Another important figure of the Hellenistic period is Archimedes, who lived in the third century BC. His work on hydrostatics and on the mechanics of pulleys and levers represent a major advance from the discussions of Aristotle. From Heron’s Mechanica, a book mainly about mechanical toys written in the first century AD, and other sources, Russo weaves a picture of amazing mechanical and hydraulic engineering achievements in the intervening period. Given the many Roman efforts in hydraulic engineering, these achievements are certainly possible, but I would have expected there to be more archaeological artefacts to support this picture, if it were true.

So some elements of Russo’s thesis are not implausible. Others more expert than I will have to comment on how impressive the medical and biological achievements of Herophilus (born c.320 BC) are likely to have been, given that we mainly depend on the reports of the Roman writer Galen four centuries later. What is grating about this book, however, is the need for Russo to denigrate the work of Aristotle and other classical writers, and to belittle the achievements of Roman engineering and Renaissance science, at the altar of glorification of the presumed Alexandrian heyday (see “Was Aristotle the first physicist?”).
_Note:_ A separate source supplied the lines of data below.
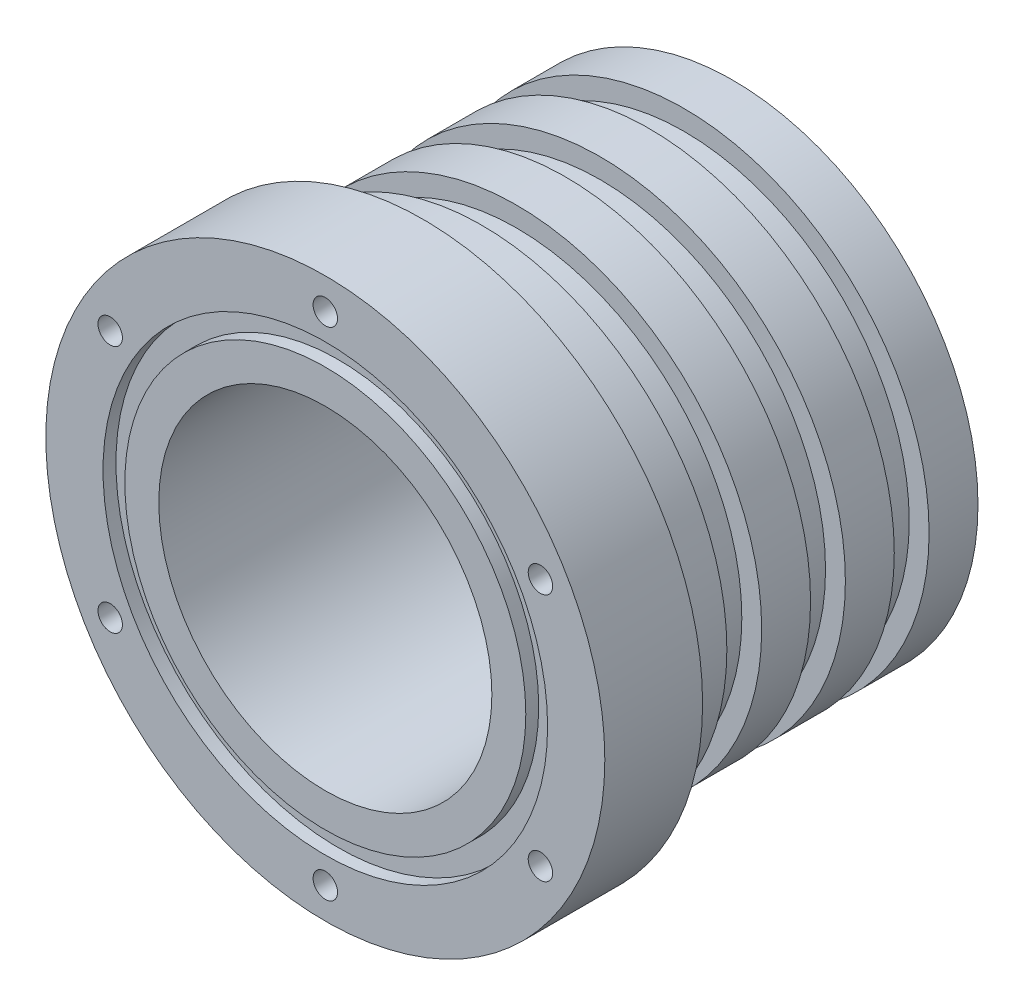
from build123d import *

# Parameters (mm, degrees)
M3X0_5_TAPPED_HOLE1_D     = 2.5
M3X0_5_TAPPED_HOLE1_DEPTH = 10
SKETCH5_R                 = 22.73
SKETCH5_R_2               = 20.5
CUT_EXTRUDE1_DEPTH        = 1.32


with BuildPart() as part:
    # Sketch1 → Revolve1 (revolve)
    with BuildSketch(Plane(origin=(0, 0, 0), x_dir=(1, 0, 0), z_dir=(0, 1, 0))):
        Polygon((-28.58, 0), (-28.58, 10), (-25.06, 10), (-25.06, 16), (-23.03, 16), (-23.03, 19.56), (-25.06, 19.56), (-25.06, 24.56), (-23.03, 24.56), (-23.03, 28.12), (-25.06, 28.12), (-25.06, 33.12), (-23.03, 33.12), (-23.03, 36.68), (-25.06, 36.68), (-25.06, 41.68), (-17.03, 41.68), (-17.03, 0), align=None)
    revolve(axis=Axis((0, 0, 0), (0, 0, -1)))

    # M3x0.5 Tapped Hole1
    with Locations(Plane.XY):
        with Locations((0, 25.4), (21.997045256, 12.7), (21.997045256, -12.7), (0, -25.4), (-21.997045256, -12.7), (-21.997045256, 12.7)):
            Hole(M3X0_5_TAPPED_HOLE1_D / 2, depth=M3X0_5_TAPPED_HOLE1_DEPTH)

    # Sketch5 → Cut-Extrude1 (cut)
    with BuildSketch(Plane.XY):
        Circle(SKETCH5_R)
        Circle(SKETCH5_R_2, mode=Mode.SUBTRACT)
    extrude(amount=-CUT_EXTRUDE1_DEPTH, mode=Mode.SUBTRACT)


solid = part.part

When we read Galileo and Newton, we find a new and modern approach to understanding the universe that is absent from anything surviving from the Greek world. Galileo describes his experiments and observations in detail so that anyone can repeat them. Newton gives the full mathematical basis for his theories so that anyone can check the calculations and apply them to other problems. If Newton were influenced by any of the ancient Greeks it was Aristotle, as Russo admits rather perplexedly given that elsewhere he has characterized Aristotle’s work as pretty worthless.

The Forgotten Revolution is full of fascinating detail, and the reconstruction of lost work is ingenious. But caveat emptor. What should have been a splendid hymn to Alexandrian achievement is undermined by the author’s excessive claims of its influence on Renaissance science, and by his underestimation of the importance of the seeds sown by Aristotle and others in the classical period.